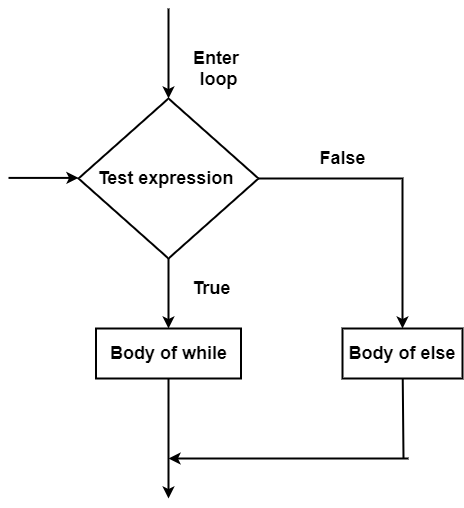

The diagram above was exported from draw.io. Its source (the exported page's mxGraphModel, read from the mxfile embedded in the PNG):
<mxGraphModel dx="1599" dy="701" grid="1" gridSize="10" guides="1" tooltips="1" connect="1" arrows="1" fold="1" page="1" pageScale="1" pageWidth="827" pageHeight="1169" math="0" shadow="0">
  <root>
    <mxCell id="WIyWlLk6GJQsqaUBKTNV-0" />
    <mxCell id="WIyWlLk6GJQsqaUBKTNV-1" parent="WIyWlLk6GJQsqaUBKTNV-0" />
    <mxCell id="chgYNvOkbbh4YvfYosm4-1" style="edgeStyle=orthogonalEdgeStyle;rounded=0;orthogonalLoop=1;jettySize=auto;html=1;entryX=0.5;entryY=0;entryDx=0;entryDy=0;" edge="1" parent="WIyWlLk6GJQsqaUBKTNV-1">
      <mxGeometry relative="1" as="geometry">
        <mxPoint x="215" y="200" as="sourcePoint" />
        <mxPoint x="215" y="200" as="targetPoint" />
      </mxGeometry>
    </mxCell>
    <mxCell id="chgYNvOkbbh4YvfYosm4-37" style="edgeStyle=orthogonalEdgeStyle;rounded=0;orthogonalLoop=1;jettySize=auto;html=1;strokeWidth=2;entryX=0.5;entryY=0;entryDx=0;entryDy=0;" edge="1" parent="WIyWlLk6GJQsqaUBKTNV-1" source="chgYNvOkbbh4YvfYosm4-2" target="chgYNvOkbbh4YvfYosm4-38">
      <mxGeometry relative="1" as="geometry">
        <mxPoint x="235" y="360" as="targetPoint" />
      </mxGeometry>
    </mxCell>
    <mxCell id="chgYNvOkbbh4YvfYosm4-69" style="edgeStyle=orthogonalEdgeStyle;rounded=0;orthogonalLoop=1;jettySize=auto;html=1;entryX=0.5;entryY=0;entryDx=0;entryDy=0;strokeWidth=2;" edge="1" parent="WIyWlLk6GJQsqaUBKTNV-1" source="chgYNvOkbbh4YvfYosm4-2" target="chgYNvOkbbh4YvfYosm4-68">
      <mxGeometry relative="1" as="geometry" />
    </mxCell>
    <object label="&lt;span style=&quot;font-size: 18px&quot;&gt;&lt;b&gt;Test expression&amp;nbsp;&lt;br&gt;&lt;/b&gt;&lt;/span&gt;" id="chgYNvOkbbh4YvfYosm4-2">
      <mxCell style="rhombus;whiteSpace=wrap;html=1;fillColor=none;strokeWidth=2;" vertex="1" parent="WIyWlLk6GJQsqaUBKTNV-1">
        <mxGeometry x="150" y="130" width="180" height="160" as="geometry" />
      </mxCell>
    </object>
    <mxCell id="chgYNvOkbbh4YvfYosm4-18" value="" style="endArrow=classic;html=1;strokeWidth=2;" edge="1" parent="WIyWlLk6GJQsqaUBKTNV-1">
      <mxGeometry width="50" height="50" relative="1" as="geometry">
        <mxPoint x="80" y="209.41" as="sourcePoint" />
        <mxPoint x="150" y="209.41" as="targetPoint" />
      </mxGeometry>
    </mxCell>
    <mxCell id="chgYNvOkbbh4YvfYosm4-25" value="" style="endArrow=classic;html=1;entryX=0.5;entryY=0;entryDx=0;entryDy=0;strokeWidth=2;" edge="1" parent="WIyWlLk6GJQsqaUBKTNV-1" target="chgYNvOkbbh4YvfYosm4-2">
      <mxGeometry width="50" height="50" relative="1" as="geometry">
        <mxPoint x="240" y="40" as="sourcePoint" />
        <mxPoint x="210" y="30" as="targetPoint" />
      </mxGeometry>
    </mxCell>
    <mxCell id="chgYNvOkbbh4YvfYosm4-26" value="&lt;span style=&quot;font-size: 18px&quot;&gt;&lt;b&gt;True&lt;/b&gt;&lt;/span&gt;" style="text;html=1;resizable=0;autosize=1;align=center;verticalAlign=middle;points=[];fillColor=none;strokeColor=none;rounded=0;" vertex="1" parent="WIyWlLk6GJQsqaUBKTNV-1">
      <mxGeometry x="257.5" y="310" width="50" height="20" as="geometry" />
    </mxCell>
    <mxCell id="chgYNvOkbbh4YvfYosm4-27" value="&lt;span style=&quot;font-size: 18px&quot;&gt;&lt;b&gt;False&lt;/b&gt;&lt;/span&gt;" style="text;html=1;resizable=0;autosize=1;align=center;verticalAlign=middle;points=[];fillColor=none;strokeColor=none;rounded=0;" vertex="1" parent="WIyWlLk6GJQsqaUBKTNV-1">
      <mxGeometry x="384" y="180" width="60" height="20" as="geometry" />
    </mxCell>
    <mxCell id="chgYNvOkbbh4YvfYosm4-70" style="edgeStyle=orthogonalEdgeStyle;rounded=0;orthogonalLoop=1;jettySize=auto;html=1;strokeWidth=2;" edge="1" parent="WIyWlLk6GJQsqaUBKTNV-1" source="chgYNvOkbbh4YvfYosm4-38">
      <mxGeometry relative="1" as="geometry">
        <mxPoint x="240" y="530" as="targetPoint" />
      </mxGeometry>
    </mxCell>
    <mxCell id="chgYNvOkbbh4YvfYosm4-38" value="&lt;font style=&quot;font-size: 18px&quot;&gt;&lt;b&gt;Body of while&lt;/b&gt;&lt;/font&gt;" style="rounded=0;whiteSpace=wrap;html=1;strokeWidth=2;fillColor=none;" vertex="1" parent="WIyWlLk6GJQsqaUBKTNV-1">
      <mxGeometry x="167.5" y="360" width="145" height="50" as="geometry" />
    </mxCell>
    <mxCell id="chgYNvOkbbh4YvfYosm4-66" value="&lt;span style=&quot;font-size: 18px&quot;&gt;&lt;b&gt;Enter &lt;br&gt;loop&lt;/b&gt;&lt;/span&gt;" style="text;html=1;resizable=0;autosize=1;align=center;verticalAlign=middle;points=[];fillColor=none;strokeColor=none;rounded=0;" vertex="1" parent="WIyWlLk6GJQsqaUBKTNV-1">
      <mxGeometry x="260" y="80" width="60" height="40" as="geometry" />
    </mxCell>
    <mxCell id="chgYNvOkbbh4YvfYosm4-68" value="&lt;font style=&quot;font-size: 18px&quot;&gt;&lt;b&gt;Body of else&lt;/b&gt;&lt;/font&gt;" style="rounded=0;whiteSpace=wrap;html=1;strokeWidth=2;fillColor=none;" vertex="1" parent="WIyWlLk6GJQsqaUBKTNV-1">
      <mxGeometry x="414" y="360" width="120" height="50" as="geometry" />
    </mxCell>
    <mxCell id="chgYNvOkbbh4YvfYosm4-72" value="" style="endArrow=classic;html=1;strokeWidth=2;" edge="1" parent="WIyWlLk6GJQsqaUBKTNV-1">
      <mxGeometry width="50" height="50" relative="1" as="geometry">
        <mxPoint x="480" y="490" as="sourcePoint" />
        <mxPoint x="240" y="490" as="targetPoint" />
      </mxGeometry>
    </mxCell>
    <mxCell id="chgYNvOkbbh4YvfYosm4-73" value="" style="endArrow=none;html=1;strokeWidth=2;" edge="1" parent="WIyWlLk6GJQsqaUBKTNV-1" target="chgYNvOkbbh4YvfYosm4-68">
      <mxGeometry width="50" height="50" relative="1" as="geometry">
        <mxPoint x="475" y="490" as="sourcePoint" />
        <mxPoint x="520" y="550" as="targetPoint" />
      </mxGeometry>
    </mxCell>
  </root>
</mxGraphModel>
######
Copy out all lines of the material above in which "wrap" occurs.

      <mxCell style="rhombus;whiteSpace=wrap;html=1;fillColor=none;strokeWidth=2;" vertex="1" parent="WIyWlLk6GJQsqaUBKTNV-1">
    <mxCell id="chgYNvOkbbh4YvfYosm4-38" value="&lt;font style=&quot;font-size: 18px&quot;&gt;&lt;b&gt;Body of while&lt;/b&gt;&lt;/font&gt;" style="rounded=0;whiteSpace=wrap;html=1;strokeWidth=2;fillColor=none;" vertex="1" parent="WIyWlLk6GJQsqaUBKTNV-1">
    <mxCell id="chgYNvOkbbh4YvfYosm4-68" value="&lt;font style=&quot;font-size: 18px&quot;&gt;&lt;b&gt;Body of else&lt;/b&gt;&lt;/font&gt;" style="rounded=0;whiteSpace=wrap;html=1;strokeWidth=2;fillColor=none;" vertex="1" parent="WIyWlLk6GJQsqaUBKTNV-1">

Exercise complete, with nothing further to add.